For all those who wish they had a puppy droped on their front step. Send me your addresses!


----------



## Eris13021 (May 16, 2009)

she looks like a mystic to me. Very very beautiful dog.


----------



## infiniti (Mar 19, 2010)

How is her temperament and personality Cinch? How is she adapting to Jasmine and Kaja, as well as you and the house?

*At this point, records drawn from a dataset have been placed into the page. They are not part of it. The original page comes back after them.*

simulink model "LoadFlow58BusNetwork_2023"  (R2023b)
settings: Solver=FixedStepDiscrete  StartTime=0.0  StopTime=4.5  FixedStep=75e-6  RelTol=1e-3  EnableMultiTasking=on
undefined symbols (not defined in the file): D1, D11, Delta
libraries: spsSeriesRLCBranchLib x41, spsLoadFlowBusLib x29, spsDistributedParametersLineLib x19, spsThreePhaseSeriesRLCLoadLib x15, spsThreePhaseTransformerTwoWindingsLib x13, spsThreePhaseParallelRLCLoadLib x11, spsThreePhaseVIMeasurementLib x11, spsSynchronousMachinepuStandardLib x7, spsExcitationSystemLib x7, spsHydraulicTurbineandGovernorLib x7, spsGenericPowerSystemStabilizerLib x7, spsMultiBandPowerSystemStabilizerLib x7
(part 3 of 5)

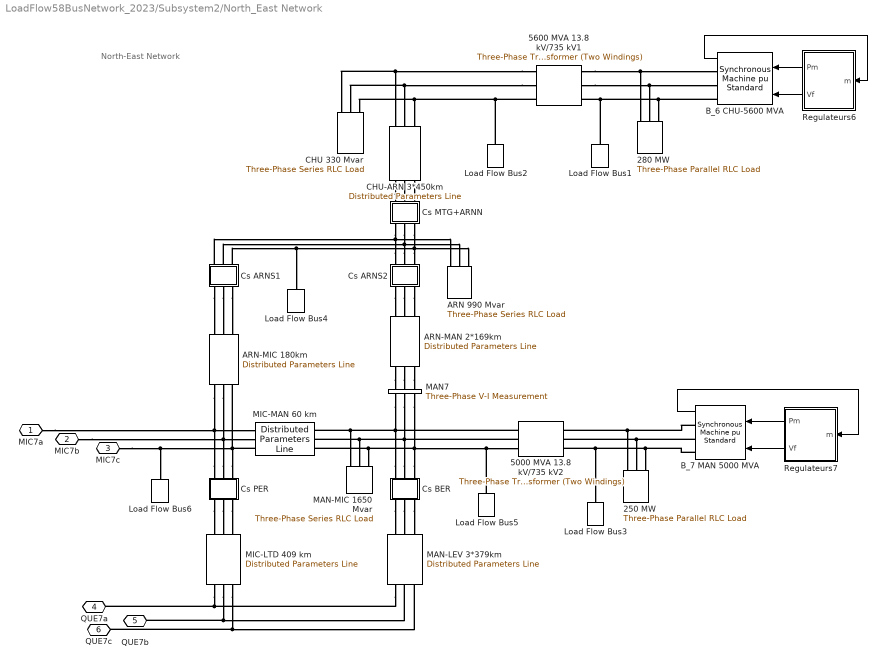
== system LoadFlow58BusNetwork_2023/Subsystem2/North_East Network ==
  note: North-East Network
  250 MW : spsThreePhaseParallelRLCLoadLib/Three-Phase Parallel RLC Load  LConnTagsString=A|B|C  Configuration=Y (grounded)  NominalVoltage=(13800)*1  Vabc=[1e3 1e3 1e3]  Vabcp=[1e3 1e3 1e3]  NominalFrequency=60  UnbalancedPower=off  ActivePower=250000000  InductivePower=0  CapacitivePower=0  Pabc=[10e3 9e3 11e3]  QLabc=[100 90 110]  QCabc=[100 90 110]  Pabcp=[10e3 9e3 11e3]  QLabcp=[100 90 110]  QCabcp=[100 90 110]  Measurements=None  LoadType=constant PQ
  280 MW : spsThreePhaseParallelRLCLoadLib/Three-Phase Parallel RLC Load  LConnTagsString=A|B|C  Configuration=Y (grounded)  NominalVoltage=(13800)*1  Vabc=[1e3 1e3 1e3]  Vabcp=[1e3 1e3 1e3]  NominalFrequency=60  UnbalancedPower=off  ActivePower=280000000  InductivePower=0  CapacitivePower=0  Pabc=[10e3 9e3 11e3]  QLabc=[100 90 110]  QCabc=[100 90 110]  Pabcp=[10e3 9e3 11e3]  QLabcp=[100 90 110]  QCabcp=[100 90 110]  Measurements=None  LoadType=constant PQ
  5000 MVA 13.8 kV/735 kV2 : spsThreePhaseTransformerTwoWindingsLib/Three-Phase Transformer (Two Windings)  Winding1Connection=Delta (D1)  Winding2Connection=Yg  CoreType=Three single-phase transformers  SetSaturation=off  Hysteresis=off  DataFile='basic_model'  SetInitialFlux=off  Measurements=None  UNITS=pu  NominalPower=[ 5000e6 60 ]  Winding1="[ 13.8e3 0.002  0.0]"  Winding2=[ 735e3 0.002 0.12]  Rm=500  Lm=500  L0=0.5  Saturation="[ 0,0  ;  0.005,1.2  ;  1.0,1.4 ]"  InitialFluxes=[ 0.8 , -0.8 , 0.7 ]  BreakLoop=off  DiscreteSolver=Trapezoidal iterative  DataType=off  TransfoNumber=0
  5600 MVA 13.8 kV/735 kV1 : spsThreePhaseTransformerTwoWindingsLib/Three-Phase Transformer (Two Windings)  Winding1Connection=Delta (D1)  Winding2Connection=Yg  CoreType=Three single-phase transformers  SetSaturation=off  Hysteresis=off  DataFile='basic_model'  SetInitialFlux=off  Measurements=None  UNITS=pu  NominalPower=[ 5600e6 60 ]  Winding1="[ 13.8e3 0.002  0.0]"  Winding2=[ 735e3 0.002 0.12]  Rm=500  Lm=500  L0=0.5  Saturation="[ 0,0  ;  0.005,1.2  ;  1.0,1.4 ]"  InitialFluxes=[ 0.8 , -0.8 , 0.7 ]  BreakLoop=off  DiscreteSolver=Trapezoidal iterative  DataType=off  TransfoNumber=0
  ARN 990 Mvar : spsThreePhaseSeriesRLCLoadLib/Three-Phase Series RLC Load  LConnTagsString=A|B|C  Configuration=Y (grounded)  NominalVoltage=735e3  Vabc=[1e3 1e3 1e3]  Vabcp=[1e3 1e3 1e3]  NominalFrequency=60  UnbalancedPower=off  ActivePower=3300000  InductivePower=990e6  CapacitivePower=0  Pabc=[10e3 9e3 11e3]  QLabc=[100 90 110]  QCabc=[100 90 110]  Pabcp=[10e3 9e3 11e3]  QLabcp=[100 90 110]  QCabcp=[100 90 110]  Measurements=None  LoadType=constant Z
  ARN-MAN 2*169km : spsDistributedParametersLineLib/Distributed Parameters Line  Phases=3  Length=169  Frequency=60  Resistance="[0.01273  0.3864]/2"  Inductance="[0.9337e-3  4.1264e-3]/2"  Capacitance=[12.74e-9 7.751e-9]*2  x1=[-0.000975 1.67050882449748e-09 347873.977312553 -681165.145140791;-0.0009 1.59985900326383e-09 366991.883229444 -671058.367402093;-0.000825 1.52793027922164e-09 385816.421450045 -660415.155872031;-0.00075 1.45478015109235e-09 404332.543926528 -649244.018571055;-0.000675 1.38046709396916e-09 422525.449153892 -637553.8855354;-0.0006 1.30505051257291e-09 440380.594002059 -625354.10167855;-0.000525 1.22859069376485e-09 457883.705341429 -612654.419321056;-0.00045 1.15114875835426e-09 475020.791452605 -599464.990394684;-0.000375 1.07278661223941e-09 491778.153211155 -585796.358327113;-0.0003 9.93566896920918e-10 508142.395038487 -571659.44961368;-0.000225 9.13552939427113e-10 524100.435610064 -557065.565082908;-0.00015 8.3280870169136e-10 539639.51831242 -542026.370862799;-7.5e-05 7.51398729421874e-10 554747.221440599 -526553.889055102]  x2=[-0.000975 1.50504449601884e-09 232985.418240298 -689450.364518884;-0.0009 1.46263645773588e-09 252383.458947633 -682588.200672076;-0.000825 1.41905921024769e-09 271579.748179482 -675180.3862616;-0.00075 1.37434758853916e-09 290558.940715946 -667232.842980953;-0.000675 1.32853733439658e-09 309305.864880903 -658751.923974632;-0.0006 1.28166506783619e-09 327805.534670012 -649744.408759529;-0.000525 1.2337682578307e-09 346043.161730299 -640217.497805485;-0.00045 1.18488519235719e-09 364004.167181736 -630178.806779352;-0.000375 1.13505494779026e-09 381674.193271379 -619636.360457139;-0.0003 1.08431735766499e-09 399039.114850732 -608598.586309131;-0.000225 1.03271298083461e-09 416085.050667176 -597074.307763098;-0.00015 9.80283069048393e-10 432798.374460432 -585072.737150982;-7.5e-05 9.27069533975612e-10 449165.725855181 -572603.4683447]  x3=[-0.000975 -5.34124314733807e-12 1583.75858462539 -1421.24992657659;-0.0009 -5.43018616572326e-12 1623.30400424483 -1375.9090252372;-0.000825 -5.5147883763722e-12 1661.55177948066 -1329.46824327516;-0.00075 -5.59498214957216e-12 1698.47133564656 -1281.96470474099;-0.000675 -5.67070337964786e-12 1734.03315981423 -1233.43638323657;-0.0006 -5.74189153620653e-12 1768.20882440555 -1183.9220715596;-0.000525 -5.80848971252505e-12 1800.97100991713 -1133.46135069323;-0.00045 -5.87044467104025e-12 1832.29352675917 -1082.09455816567;-0.000375 -5.92770688590623e-12 1862.15133619095 -1029.86275580491;-0.0003 -5.98023058258458e-12 1890.52057033645 -976.807696914584;-0.000225 -6.0279737744358e-12 1917.37855126396 -922.971792897006;-0.00015 -6.07089829628284e-12 1942.70380911446 -868.398079350128;-7.5e-05 -6.10896983491968e-12 1966.47609926432 -813.130181665554]  x4=[-0.000975 9.21214000394156e-12 1569.30174481224 -9115.59279820432;-0.0009 9.04527834437803e-12 1826.37892659041 -9067.5841614058;-0.000825 8.87118602770341e-12 2081.9961289992 -9012.32703656734;-0.00075 8.69000222065193e-12 2335.94901555807 -8949.86559538908;-0.000675 8.50187175878676e-12 2588.03458021512 -8880.2497685914;-0.0006 8.30694503072062e-12 2838.05130962701 -8803.53520600108;-0.000525 8.10537785789743e-12 3085.79934424562 -8719.78323206569;-0.00045 7.89733137003109e-12 3331.08063808276 -8629.06079683175;-0.000375 7.68297187630076e-12 3573.69911702505 -8531.44042242588;-0.0003 7.46247073240593e-12 3813.46083557263 -8427.00014508173;-0.000225 7.23600420358725e-12 4050.17413187616 -8315.82345275904;-0.00015 7.0037533237228e-12 4283.6497809484 -8197.99921840457;-7.5e-05 6.76590375061238e-12 4513.7011459278 -8073.62162890851]  x5=0.000955765248222805  V1=ones(3,3)  V2=ones(3,3)  I1=ones(3,3)  I2=ones(3,3)  nHarmo=1  Measurements=None  Decoupling=on  VsMag0=[624500.54274601 624501.904306242 624500.0432619]  VrMag0=[594207.380493356 594208.101305703 594207.286862308]  VsAngle0=[18.1135948354225 -101.886530201485 138.113424134242]  VrAngle0=[9.73160889879617 -110.268441654027 129.731523430545]  IsMag0=[1744.35611857334 1744.39210598387 1744.37536737728]  IrMag0=[7582.44376493461 7582.4337899273 7582.40838117022]  IsAngle0=[39.1559168024789 -80.8440356055226 159.154916919434]  IrAngle0=[0.828149284036499 -119.172115933984 120.828081951982]
      settings: AttributesFormatString=\n  LibrarySourceBlock=sps_lib/Power Grid Elements/Distributed Parameters Line
  ARN-MIC 180km : spsDistributedParametersLineLib/Distributed Parameters Line  Phases=3  Length=180  Frequency=60  Resistance="[0.01273  0.3864]"  Inductance="[0.9337e-3  4.1264e-3]"  Capacitance=[12.74e-9 7.751e-9]  x1=[-0.00105 1.27410114359668e-09 336203.730988153 -674396.62729794;-0.000975 1.20660459291676e-09 355134.952563368 -664622.476598216;-0.0009 1.13814350098693e-09 373782.284691251 -654317.036859764;-0.000825 1.0687725945566e-09 392130.820979812 -643488.546093432;-0.00075 9.98547327666939e-10 410165.893889885 -632145.660429059;-0.000675 9.27523837321831e-10 427873.086460132 -620297.447195891;-0.0006 8.5575889861276e-10 445238.243831739 -607953.377674304;-0.000525 7.83309879333687e-10 462247.484563601 -595123.319524603;-0.00045 7.10234694122118e-10 478887.211728927 -581817.528898967;-0.000375 6.36591758163024e-10 495144.123784416 -568046.642242835;-0.0003 5.62439940492634e-10 511005.225203312 -553821.667792299;-0.000225 4.87838516939434e-10 526457.836863822 -539153.976774286;-0.00015 4.12847122739972e-10 541489.606184618 -524055.294316571;-7.5e-05 3.37525704867365e-10 556088.516999299 -508537.690074895]  x2=[-0.00105 4.36302610467453e-09 192165.57848685 -719334.039084997;-0.000975 4.3093865404647e-09 212424.764832704 -713613.931123378;-0.0009 4.25230211859025e-09 232514.142071759 -707323.371103878;-0.000825 4.1918184714646e-09 252417.651063227 -700467.387603928;-0.00075 4.12798394878983e-09 272119.381246555 -693051.461191837;-0.000675 4.06084957890668e-09 291603.583360081 -685081.520045713;-0.0006 3.99046902800322e-09 310854.682030753 -676563.935214563;-0.000525 3.91689855721501e-09 329857.288224845 -667505.515525378;-0.00045 3.84019697765071e-09 348596.211549717 -657913.502140259;-0.000375 3.76042560337947e-09 367056.472396776 -647795.562767943;-0.0003 3.67764820241733e-09 385223.313915954 -637159.785534355;-0.000225 3.59193094575207e-09 403082.213812102 -626014.672517082;-0.00015 3.50334235444717e-09 420618.895953893 -614369.132948945;-7.5e-05 3.41195324486706e-09 437819.341785944 -602232.476096092]  x3=[-0.00105 3.66209367040117e-12 149.00166074947 -364.54093553914;-0.000975 3.89569353874418e-12 159.247423691884 -360.183291873256;-0.0009 4.12617924927843e-12 169.365886680365 -355.537723194838;-0.000825 4.35336655525346e-12 179.348961170419 -350.607943100407;-0.00075 4.57707384661297e-12 189.188666845044 -345.397892380743;-0.000675 4.79712229517107e-12 198.877137994077 -339.911735870675;-0.0006 5.01333599756484e-12 208.406629801921 -334.153859119776;-0.000525 5.22554211586878e-12 217.769524538628 -328.128864886622;-0.00045 5.43357101575876e-12 226.958337649405 -321.841569459417;-0.000375 5.63725640211517e-12 235.965723737644 -315.296998805928;-0.0003 5.83643545195665e-12 244.784482436724 -308.5003845558;-0.000225 6.03094894459828e-12 253.407564165872 -301.457159818471;-0.00015 6.22064138893022e-12 261.828075765492 -294.172954840033;-7.5e-05 6.40536114771486e-12 270.039286007448 -286.653592502493]  x4=[-0.00105 4.34965354391857e-12 1187.65933351948 -4979.46515427095;-0.000975 3.97419055552239e-12 1327.95758028668 -4943.89904376724;-0.0009 3.59555066000328e-12 1467.19427808263 -4904.38085601213;-0.000825 3.21403653630033e-12 1605.25812322151 -4860.94218124028;-0.00075 2.82995316096667e-12 1742.03874957796 -4813.61774366365;-0.000675 2.44360756437587e-12 1877.42681681208 -4762.44537371355;-0.0006 2.05530858528656e-12 2011.31409777444 -4707.46597779957;-0.000525 1.66536662396144e-12 2143.59356502117 -4648.72350560958;-0.00045 1.27409339403809e-12 2274.15947637011 -4586.26491497706;-0.000375 8.81801673349837e-13 2402.90745942944 -4520.14013434371;-0.0003 4.88805053895921e-13 2529.73459503142 -4450.40202284743;-0.000225 9.54176911608898e-14 2654.53949950437 -4377.10632806753;-0.00015 -2.98045947016516e-13 2777.22240571723 -4300.31164146093;-7.5e-05 -6.91271331824133e-13 2897.6852428319 -4220.07935152513]  x5=0.00101797482059234  V1=ones(3,3)  V2=ones(3,3)  I1=ones(3,3)  I2=ones(3,3)  nHarmo=1  Measurements=None  Decoupling=on  VsMag0=[615273.936100182 615275.237959051 615273.425867036]  VrMag0=[607930.231675994 607930.97680853 607930.152146888]  VsAngle0=[19.1774103741915 -100.822714483789 139.177242954875]  VrAngle0=[7.63692875074741 -112.363120449619 127.636843332413]  IsMag0=[322.896150601901 322.910343515413 322.909058922171]  IrMag0=[4197.50413399043 4197.49907033619 4197.48826872784]  IsAngle0=[14.9112658694072 -105.087543385455 134.90968031067]  IrAngle0=[6.09512812442914 -113.905082032173 126.095082904965]
      settings: AttributesFormatString=\n  LibrarySourceBlock=sps_lib/Power Grid Elements/Distributed Parameters Line
  "B_6 CHU-5600 MVA " : spsSynchronousMachinepuStandardLib/Synchronous Machine pu Standard  PresetModel=No  MechanicalLoad=Mechanical power Pm  ShowDetailedParameters=on  RotorType=Salient-pole  Units=per unit standard parameters  MeasurementBus=off  NominalParameters="[ 5600E6  13800   60 ]"  Reactances1=[ 31 32 33 34 35 36 37 ]  Reactances2=[ 1.305, 0.296, 0.252, 0.474, 0.243, 0.18 ]  dAxisTimeConstants=Short-circuit  qAxisTimeConstants=Open-circuit  TimeConstants1=[]  TimeConstants2=[]  TimeConstants3=[]  TimeConstants4=[]  TimeConstants5=[ 1.01, 0.053, 0.1 ]  TimeConstants6=[]  TimeConstants7=[]  TimeConstants8=[]  StatorResistance=2.8544e-3  Mechanical="[ 4.0 0  32]"  PolePairs=32  InitialConditions=[0 -61.7964 0.894782 0.894782 0.894782 8.48442 -111.516 128.484 1.31361]  SetSaturation=off  Saturation=[0.6404,0.7127,0.8441,0.9214,0.9956,1.082,1.19,1.316,1.457;0.7,0.7698,0.8872,0.9466,0.9969,1.046,1.1,1.151,1.201]  LoadFlowParameters=[1 5000000000 0 0 0]  TsPowergui=0  TsBlock=-1  IterativeModel=Trapezoidal non iterative  IterativeDiscreteModel=Trapezoidal non iterative  BusType=PV  Pref=5000000000  Qref=0  Qmin=-Inf  Qmax=Inf  PLF=0  QLF=0
  B_7 MAN 5000 MVA : spsSynchronousMachinepuStandardLib/Synchronous Machine pu Standard  PresetModel=No  MechanicalLoad=Mechanical power Pm  ShowDetailedParameters=on  RotorType=Salient-pole  Units=per unit standard parameters  MeasurementBus=off  NominalParameters="[ 5000E6  13800   60 ]"  Reactances1=[ 31 32 33 34 35 36 37 ]  Reactances2=[ 1.305, 0.296, 0.252, 0.474, 0.243, 0.18 ]  dAxisTimeConstants=Short-circuit  qAxisTimeConstants=Open-circuit  TimeConstants1=[]  TimeConstants2=[]  TimeConstants3=[]  TimeConstants4=[]  TimeConstants5=[ 1.01, 0.053, 0.1 ]  TimeConstants6=[]  TimeConstants7=[]  TimeConstants8=[]  StatorResistance=2.8544e-3  Mechanical="[ 3.7 0  32]"  PolePairs=32  InitialConditions=[0 -81.9543 0.907703 0.907703 0.907703 -8.76021 -128.76 111.24 1.25655]  SetSaturation=off  Saturation=[0.6404,0.7127,0.8441,0.9214,0.9956,1.082,1.19,1.316,1.457;0.7,0.7698,0.8872,0.9466,0.9969,1.046,1.1,1.151,1.201]  LoadFlowParameters=[1 4500000000 0 0 0]  TsPowergui=0  TsBlock=-1  IterativeModel=Trapezoidal non iterative  IterativeDiscreteModel=Trapezoidal non iterative  BusType=PV  Pref=4500000000  Qref=0  Qmin=-Inf  Qmax=Inf  PLF=0  QLF=0
  CHU 330 Mvar : spsThreePhaseSeriesRLCLoadLib/Three-Phase Series RLC Load  LConnTagsString=A|B|C  Configuration=Y (grounded)  NominalVoltage=735e3  Vabc=[1e3 1e3 1e3]  Vabcp=[1e3 1e3 1e3]  NominalFrequency=60  UnbalancedPower=off  ActivePower=1100000  InductivePower=330e6  CapacitivePower=0  Pabc=[10e3 9e3 11e3]  QLabc=[100 90 110]  QCabc=[100 90 110]  Pabcp=[10e3 9e3 11e3]  QLabcp=[100 90 110]  QCabcp=[100 90 110]  Measurements=None  LoadType=constant Z
  CHU-ARN 3*450km : spsDistributedParametersLineLib/Distributed Parameters Line  Phases=3  Length=450  Frequency=60  Resistance="[0.01273  0.3864]/3"  Inductance="[0.9337e-3  4.1264e-3]/3"  Capacitance=[12.74e-9 7.751e-9]*3  x1=[-0.00255 1.72762635052858e-09 0 0;-0.002475 1.64166254069958e-09 0 0;-0.0024 1.55438641095382e-09 0 0;-0.002325 1.46586772849405e-09 0 0;-0.00225 1.37617725380066e-09 0 0;-0.002175 1.28538668406679e-09 0 0;-0.0021 1.19356859588476e-09 0 0;-0.002025 1.10079638722939e-09 0 0;-0.00195 1.00714421878482e-09 0 0;-0.001875 9.1268695466157e-10 0 0;-0.0018 8.17500102551347e-10 0 0;-0.001725 7.21659753367315e-10 0 0;-0.00165 6.25242520418204e-10 0 0;-0.001575 5.28325478164804e-10 336692.129653582 -649852.524072734;-0.0015 4.30986100607809e-10 354929.318552025 -640074.408280408;-0.001425 3.33302199356297e-10 372882.782383818 -629784.626799569;-0.00135 2.35351861426314e-10 390538.169424672 -618991.405124095;-0.001275 1.37213386819311e-10 407881.366228322 -607703.37119025;-0.0012 3.89652259303204e-11 424898.508908603 -595929.548479649;-0.001125 -5.93140831640912e-11 441575.994222027 -583679.348806022;-0.00105 -1.57545977487958e-10 457900.49044201 -570962.564791552;-0.000975 -2.55651931967954e-10 473858.948016046 -557789.362038808;-0.0009 -3.53553522205142e-10 489438.609997323 -544170.271004514;-0.000825 -4.51172487166228e-10 504627.02224243 -530116.178581664;-0.00075 -5.48430791744245e-10 519412.043367009 -515638.319396704;-0.000675 -6.45250689138613e-10 533781.854451391 -500748.26682875;-0.0006 -7.41554783004751e-10 547724.968488461 -485457.923757998;-0.000525 -8.37266089323524e-10 561230.239566194 -469779.513050749;-0.00045 -9.32308097941092e-10 574286.871777528 -453725.567788636;-0.000375 -1.02660483372996e-09 586884.427850448 -437308.921249866;-0.0003 -1.12008091732232e-09 599012.837491376 -420542.696650499;-0.000225 -1.21266162536719e-09 610662.405435218 -403440.29665395;-0.00015 -1.30427295026308e-09 621823.819195603 -386015.392657098;-7.5e-05 -1.39484165931859e-09 632488.156509146 -368281.91386159]  x2=[-0.00255 2.63808008356907e-09 0 0;-0.002475 2.61305583763278e-09 0 0;-0.0024 2.58594275484099e-09 0 0;-0.002325 2.55676250897723e-09 0 0;-0.00225 2.52553842628357e-09 0 0;-0.002175 2.49229546681398e-09 0 0;-0.0021 2.45706020448161e-09 0 0;-0.002025 2.41986080581606e-09 0 0;-0.00195 2.38072700744746e-09 0 0;-0.001875 2.33969009233544e-09 0 0;-0.0018 2.29678286476207e-09 0 0;-0.001725 2.25203962410857e-09 0 0;-0.00165 2.20549613743692e-09 0 0;-0.001575 2.15718961089822e-09 24661.2186380232 -733238.396736893;-0.0015 2.10715865999068e-09 45380.4401578436 -732248.159297754;-0.001425 2.05544327869095e-09 66063.3852481457 -730672.573883845;-0.00135 2.00208480748357e-09 86693.5202790842 -728512.899994039;-0.001275 1.94712590031401e-09 107254.353836367 -725770.864038599;-0.0012 1.89061049049177e-09 127729.44990424 -722448.657959113;-0.001125 1.83258375557074e-09 148102.441004185 -718548.93747629;-0.00105 1.77309208123497e-09 168357.041278835 -714074.819967015;-0.000975 1.71218302421869e-09 188477.059510635 -709029.88197237;-0.0009 1.64990527429013e-09 208446.412064859 -703418.156338598;-0.000825 1.58630861532969e-09 228249.135746615 -697244.128993306;-0.00075 1.5214438855335e-09 247869.400561584 -690512.735359491;-0.000675 1.45536293677408e-09 267291.522370273 -683229.356410228;-0.0006 1.3881185931508e-09 286499.975425677 -675399.814367211;-0.000525 1.31976460876309e-09 305479.404784322 -667030.368046552;-0.00045 1.25035562474021e-09 324214.638580774 -658127.707855584;-0.000375 1.17994712556199e-09 342690.700155795 -648698.950444647;-0.0003 1.1085953947054e-09 360892.820028455 -638751.633018152;-0.000225 1.03635746965235e-09 378806.447702629 -628293.70730945;-0.00015 9.63291096294867e-10 396417.263298444 -617333.533224341;-7.5e-05 8.89454682773854e-10 413711.188999364 -605879.872158292]  x3=[-0.00255 3.59038620383718e-12 0 0;-0.002475 3.52504738676694e-12 0 0;-0.0024 3.45689070075075e-12 0 0;-0.002325 3.38597062920058e-12 0 0;-0.00225 3.31234386453652e-12 0 0;-0.002175 3.23606926286771e-12 0 0;-0.0021 3.15720779694368e-12 0 0;-0.002025 3.07582250741368e-12 0 0;-0.00195 2.99197845243291e-12 0 0;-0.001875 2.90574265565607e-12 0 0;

Huskies are generally very social, friendly, smart and lovable dogs, although they are very headstrong (probably why the other people said she doesn't listen). They can be very vocal too ... have you gotten any songs yet? LOL

I know she's still a baby, but remember too that they are very adventurous and tend to like to roam and run (i.e., escape proof your yard!!!)


----------



## Michiyo-Fir (Jul 25, 2009)

Husky pup and her eyes say Mystic. Let us know how she's doing


----------



## Jod-dog (Mar 28, 2010)

I don't know but she is a cutie! Good luck with your new (possibly temporary) dog!


----------



## IowaDogLover (Apr 8, 2010)

AHHH well alteast she is cute right? I like the idea of naming her something like Angel as though a little angel just dropped her off for you !


----------



## infiniti (Mar 19, 2010)

No, not temporary!!! Say it ain't so!!!


----------



## Keechak (Aug 10, 2008)

She looks like a purebred Siberian Husky to me she looks about 3 months old.


----------



## Hershey (Mar 18, 2010)

I love Mystic, and she is fabulous!!!!! Such beautiful markings.

Congrats!!!! lol


----------



## Cinch (Mar 23, 2010)

infiniti said:


> How is her temperament and personality Cinch? How is she adapting to Jasmine and Kaja, as well as you and the house?
> 
> Huskies are generally very social, friendly, smart and lovable dogs, although they are very headstrong (probably why the other people said she doesn't listen). They can be very vocal too ... have you gotten any songs yet? LOL
> 
> I know she's still a baby, but remember too that they are very adventurous and tend to like to roam and run (i.e., escape proof your yard!!!)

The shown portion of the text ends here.